Entries taken from a collection ->
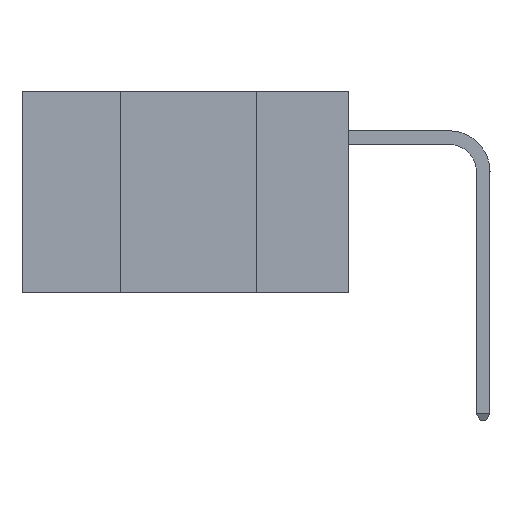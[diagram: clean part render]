
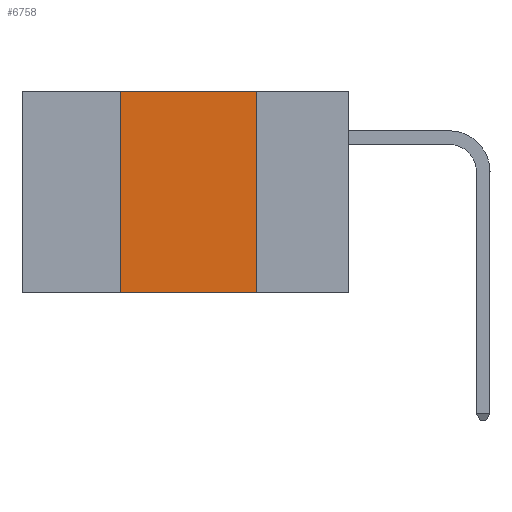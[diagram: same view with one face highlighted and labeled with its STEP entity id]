
A CAD part, left-side view. The second image highlights one B-rep face of the part: STEP entity #6758.
In plain terms, the highlighted planar face has unit normal (-1, 0, 0).
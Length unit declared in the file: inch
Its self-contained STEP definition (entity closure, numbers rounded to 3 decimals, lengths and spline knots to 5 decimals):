
#599 = DIRECTION ( 'NONE',  ( 1., 0., 0. ) ) ;
#921 = CARTESIAN_POINT ( 'NONE',  ( 0., 0.17, -0.37 ) ) ;
#3271 = ORIENTED_EDGE ( 'NONE', *, *, #20356, .F. ) ;
#4081 = DIRECTION ( 'NONE',  ( 0., -1., 0. ) ) ;
#4486 = CARTESIAN_POINT ( 'NONE',  ( 0., 0.17, 0. ) ) ;
#4714 = CARTESIAN_POINT ( 'NONE',  ( 0., 0.6, 0. ) ) ;
#6479 = EDGE_CURVE ( 'NONE', #21021, #20581, #16606, .T. ) ;
#6677 = CARTESIAN_POINT ( 'NONE',  ( 0., 0.42, 0. ) ) ;
#6758 = ADVANCED_FACE ( 'NONE', ( #10083 ), #6932, .F. ) ;
#6932 = PLANE ( 'NONE',  #14544 ) ;
#7320 = VECTOR ( 'NONE', #18434, 39.37008 ) ;
#8654 = CARTESIAN_POINT ( 'NONE',  ( 0., 0.6, 0. ) ) ;
#8744 = ORIENTED_EDGE ( 'NONE', *, *, #20480, .T. ) ;
#10083 = FACE_OUTER_BOUND ( 'NONE', #13795, .T. ) ;
#10695 = ORIENTED_EDGE ( 'NONE', *, *, #19570, .F. ) ;
#10784 = CARTESIAN_POINT ( 'NONE',  ( 0., 0.17, 0. ) ) ;
#11531 = VERTEX_POINT ( 'NONE', #6677 ) ;
#12270 = DIRECTION ( 'NONE',  ( 0., 0., -1. ) ) ;
#12802 = VERTEX_POINT ( 'NONE', #17006 ) ;
#12865 = CARTESIAN_POINT ( 'NONE',  ( 0., 0.6, -0.37 ) ) ;
#13220 = LINE ( 'NONE', #12865, #15654 ) ;
#13795 = EDGE_LOOP ( 'NONE', ( #14276, #10695, #3271, #8744 ) ) ;
#14276 = ORIENTED_EDGE ( 'NONE', *, *, #6479, .F. ) ;
#14324 = LINE ( 'NONE', #20907, #18294 ) ;
#14544 = AXIS2_PLACEMENT_3D ( 'NONE', #8654, #599, #12270 ) ;
#15654 = VECTOR ( 'NONE', #4081, 39.37008 ) ;
#15757 = DIRECTION ( 'NONE',  ( 0., 0., 1. ) ) ;
#16606 = LINE ( 'NONE', #4486, #7320 ) ;
#17006 = CARTESIAN_POINT ( 'NONE',  ( 0., 0.42, -0.37 ) ) ;
#18294 = VECTOR ( 'NONE', #15757, 39.37008 ) ;
#18434 = DIRECTION ( 'NONE',  ( 0., 0., -1. ) ) ;
#19570 = EDGE_CURVE ( 'NONE', #11531, #21021, #21285, .T. ) ;
#20356 = EDGE_CURVE ( 'NONE', #12802, #11531, #14324, .T. ) ;
#20480 = EDGE_CURVE ( 'NONE', #12802, #20581, #13220, .T. ) ;
#20581 = VERTEX_POINT ( 'NONE', #921 ) ;
#20764 = VECTOR ( 'NONE', #22137, 39.37008 ) ;
#20907 = CARTESIAN_POINT ( 'NONE',  ( 0., 0.42, 0. ) ) ;
#21021 = VERTEX_POINT ( 'NONE', #10784 ) ;
#21285 = LINE ( 'NONE', #4714, #20764 ) ;
#22137 = DIRECTION ( 'NONE',  ( 0., -1., 0. ) ) ;
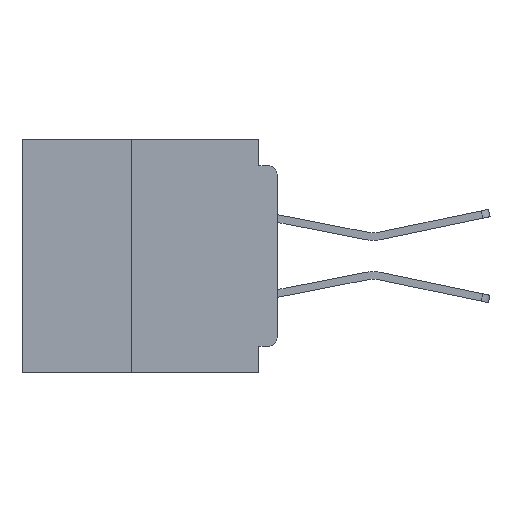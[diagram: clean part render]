
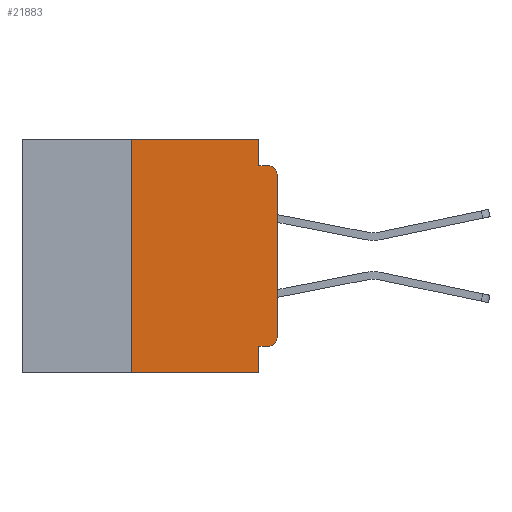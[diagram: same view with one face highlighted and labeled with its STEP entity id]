
A CAD part, left-side view. The second image highlights one B-rep face of the part: STEP entity #21883.
In plain terms, the highlighted planar face has unit normal (-1, 0, 0).
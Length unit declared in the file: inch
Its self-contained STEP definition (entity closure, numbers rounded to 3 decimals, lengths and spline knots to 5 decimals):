
#39 = CARTESIAN_POINT ( 'NONE',  ( 0., 0.031, -0.045 ) ) ;
#2232 = DIRECTION ( 'NONE',  ( 1., 0., 0. ) ) ;
#2820 = DIRECTION ( 'NONE',  ( -1., 0., 0. ) ) ;
#3299 = CARTESIAN_POINT ( 'NONE',  ( 0., 0.25, -0.4 ) ) ;
#3905 = DIRECTION ( 'NONE',  ( 0., -1., 0. ) ) ;
#4104 = CARTESIAN_POINT ( 'NONE',  ( 0., 0.015, -0.045 ) ) ;
#5493 = VECTOR ( 'NONE', #41223, 39.37008 ) ;
#6222 = CARTESIAN_POINT ( 'NONE',  ( 0., 0.031, 0. ) ) ;
#7496 = CARTESIAN_POINT ( 'NONE',  ( 0., 0., -0.355 ) ) ;
#8258 = CARTESIAN_POINT ( 'NONE',  ( 0., 0., -0.06 ) ) ;
#8289 = EDGE_CURVE ( 'NONE', #11951, #48852, #34611, .T. ) ;
#8330 = AXIS2_PLACEMENT_3D ( 'NONE', #26436, #2820, #30398 ) ;
#8331 = DIRECTION ( 'NONE',  ( 0., 0., -1. ) ) ;
#9209 = EDGE_CURVE ( 'NONE', #46297, #36347, #43818, .T. ) ;
#9453 = EDGE_CURVE ( 'NONE', #48852, #31422, #11707, .T. ) ;
#9645 = CARTESIAN_POINT ( 'NONE',  ( 0., 0., -0.045 ) ) ;
#10515 = VERTEX_POINT ( 'NONE', #4104 ) ;
#11268 = VERTEX_POINT ( 'NONE', #32481 ) ;
#11707 = LINE ( 'NONE', #17700, #21020 ) ;
#11951 = VERTEX_POINT ( 'NONE', #37436 ) ;
#13932 = EDGE_CURVE ( 'NONE', #31422, #10515, #34145, .T. ) ;
#14741 = LINE ( 'NONE', #38945, #34477 ) ;
#16002 = VERTEX_POINT ( 'NONE', #6222 ) ;
#16083 = VECTOR ( 'NONE', #27260, 39.37008 ) ;
#16152 = CARTESIAN_POINT ( 'NONE',  ( 0., 0.031, -0.4 ) ) ;
#16357 = CARTESIAN_POINT ( 'NONE',  ( 0., 0.015, -0.06 ) ) ;
#17336 = LINE ( 'NONE', #23323, #16083 ) ;
#17700 = CARTESIAN_POINT ( 'NONE',  ( 0., 0., 0. ) ) ;
#19126 = EDGE_CURVE ( 'NONE', #29211, #36347, #17336, .T. ) ;
#19303 = ORIENTED_EDGE ( 'NONE', *, *, #19126, .T. ) ;
#19351 = EDGE_CURVE ( 'NONE', #29211, #11268, #46863, .T. ) ;
#19586 = ORIENTED_EDGE ( 'NONE', *, *, #9209, .F. ) ;
#19626 = CARTESIAN_POINT ( 'NONE',  ( 0., 0.437, 0. ) ) ;
#20351 = DIRECTION ( 'NONE',  ( 0., 0., -1. ) ) ;
#20478 = LINE ( 'NONE', #19626, #50625 ) ;
#20701 = CARTESIAN_POINT ( 'NONE',  ( 0., 0., -0.34 ) ) ;
#21020 = VECTOR ( 'NONE', #49181, 39.37008 ) ;
#21679 = VECTOR ( 'NONE', #8331, 39.37008 ) ;
#21883 = ADVANCED_FACE ( 'NONE', ( #23011 ), #49417, .F. ) ;
#21930 = CARTESIAN_POINT ( 'NONE',  ( 0., 0.437, 0. ) ) ;
#21984 = EDGE_LOOP ( 'NONE', ( #48604, #41899, #47880, #29837, #49249, #37364, #19303, #19586, #27404, #44039 ) ) ;
#22832 = VERTEX_POINT ( 'NONE', #39 ) ;
#23011 = FACE_OUTER_BOUND ( 'NONE', #21984, .T. ) ;
#23323 = CARTESIAN_POINT ( 'NONE',  ( 0., 0.437, -0.4 ) ) ;
#26436 = CARTESIAN_POINT ( 'NONE',  ( 0., 0.015, -0.34 ) ) ;
#27260 = DIRECTION ( 'NONE',  ( 0., -1., 0. ) ) ;
#27404 = ORIENTED_EDGE ( 'NONE', *, *, #46455, .F. ) ;
#29211 = VERTEX_POINT ( 'NONE', #3299 ) ;
#29811 = DIRECTION ( 'NONE',  ( 0., 0., -1. ) ) ;
#29837 = ORIENTED_EDGE ( 'NONE', *, *, #31905, .F. ) ;
#30398 = DIRECTION ( 'NONE',  ( 0., 0., -1. ) ) ;
#30405 = VECTOR ( 'NONE', #42864, 39.37008 ) ;
#30704 = EDGE_CURVE ( 'NONE', #11268, #16002, #20478, .T. ) ;
#30958 = AXIS2_PLACEMENT_3D ( 'NONE', #21930, #2232, #29811 ) ;
#31422 = VERTEX_POINT ( 'NONE', #8258 ) ;
#31628 = LINE ( 'NONE', #7496, #30405 ) ;
#31905 = EDGE_CURVE ( 'NONE', #16002, #22832, #14741, .T. ) ;
#32481 = CARTESIAN_POINT ( 'NONE',  ( 0., 0.25, 0. ) ) ;
#34145 = CIRCLE ( 'NONE', #45906, 0.015 ) ;
#34477 = VECTOR ( 'NONE', #42894, 39.37008 ) ;
#34611 = CIRCLE ( 'NONE', #8330, 0.015 ) ;
#35175 = VECTOR ( 'NONE', #36525, 39.37008 ) ;
#36347 = VERTEX_POINT ( 'NONE', #38879 ) ;
#36525 = DIRECTION ( 'NONE',  ( 0., 0., 1. ) ) ;
#36978 = LINE ( 'NONE', #9645, #5493 ) ;
#37364 = ORIENTED_EDGE ( 'NONE', *, *, #19351, .F. ) ;
#37436 = CARTESIAN_POINT ( 'NONE',  ( 0., 0.015, -0.355 ) ) ;
#38879 = CARTESIAN_POINT ( 'NONE',  ( 0., 0.031, -0.4 ) ) ;
#38945 = CARTESIAN_POINT ( 'NONE',  ( 0., 0.031, 0. ) ) ;
#40512 = CARTESIAN_POINT ( 'NONE',  ( 0., 0.25, -0.4 ) ) ;
#41223 = DIRECTION ( 'NONE',  ( 0., -1., 0. ) ) ;
#41899 = ORIENTED_EDGE ( 'NONE', *, *, #13932, .T. ) ;
#42864 = DIRECTION ( 'NONE',  ( 0., 1., 0. ) ) ;
#42894 = DIRECTION ( 'NONE',  ( 0., 0., -1. ) ) ;
#43818 = LINE ( 'NONE', #16152, #21679 ) ;
#43912 = DIRECTION ( 'NONE',  ( -1., 0., 0. ) ) ;
#44039 = ORIENTED_EDGE ( 'NONE', *, *, #8289, .T. ) ;
#45805 = CARTESIAN_POINT ( 'NONE',  ( 0., 0.031, -0.355 ) ) ;
#45906 = AXIS2_PLACEMENT_3D ( 'NONE', #16357, #43912, #20351 ) ;
#46297 = VERTEX_POINT ( 'NONE', #45805 ) ;
#46455 = EDGE_CURVE ( 'NONE', #11951, #46297, #31628, .T. ) ;
#46863 = LINE ( 'NONE', #40512, #35175 ) ;
#47880 = ORIENTED_EDGE ( 'NONE', *, *, #48329, .F. ) ;
#48329 = EDGE_CURVE ( 'NONE', #22832, #10515, #36978, .T. ) ;
#48604 = ORIENTED_EDGE ( 'NONE', *, *, #9453, .T. ) ;
#48852 = VERTEX_POINT ( 'NONE', #20701 ) ;
#49181 = DIRECTION ( 'NONE',  ( 0., 0., 1. ) ) ;
#49249 = ORIENTED_EDGE ( 'NONE', *, *, #30704, .F. ) ;
#49417 = PLANE ( 'NONE',  #30958 ) ;
#50625 = VECTOR ( 'NONE', #3905, 39.37008 ) ;

TASK STATEMENT ->
Exact duplication is required for the lines above, from the line that contains "#20351 = DIRECTION" to the line that contains "#29837 = ORIENTED_EDGE", inclusive; omit all others.

ANSWER TO THE EXERCISE ->
#20351 = DIRECTION ( 'NONE',  ( 0., 0., -1. ) ) ;
#20478 = LINE ( 'NONE', #19626, #50625 ) ;
#20701 = CARTESIAN_POINT ( 'NONE',  ( 0., 0., -0.34 ) ) ;
#21020 = VECTOR ( 'NONE', #49181, 39.37008 ) ;
#21679 = VECTOR ( 'NONE', #8331, 39.37008 ) ;
#21883 = ADVANCED_FACE ( 'NONE', ( #23011 ), #49417, .F. ) ;
#21930 = CARTESIAN_POINT ( 'NONE',  ( 0., 0.437, 0. ) ) ;
#21984 = EDGE_LOOP ( 'NONE', ( #48604, #41899, #47880, #29837, #49249, #37364, #19303, #19586, #27404, #44039 ) ) ;
#22832 = VERTEX_POINT ( 'NONE', #39 ) ;
#23011 = FACE_OUTER_BOUND ( 'NONE', #21984, .T. ) ;
#23323 = CARTESIAN_POINT ( 'NONE',  ( 0., 0.437, -0.4 ) ) ;
#26436 = CARTESIAN_POINT ( 'NONE',  ( 0., 0.015, -0.34 ) ) ;
#27260 = DIRECTION ( 'NONE',  ( 0., -1., 0. ) ) ;
#27404 = ORIENTED_EDGE ( 'NONE', *, *, #46455, .F. ) ;
#29211 = VERTEX_POINT ( 'NONE', #3299 ) ;
#29811 = DIRECTION ( 'NONE',  ( 0., 0., -1. ) ) ;
#29837 = ORIENTED_EDGE ( 'NONE', *, *, #31905, .F. ) ;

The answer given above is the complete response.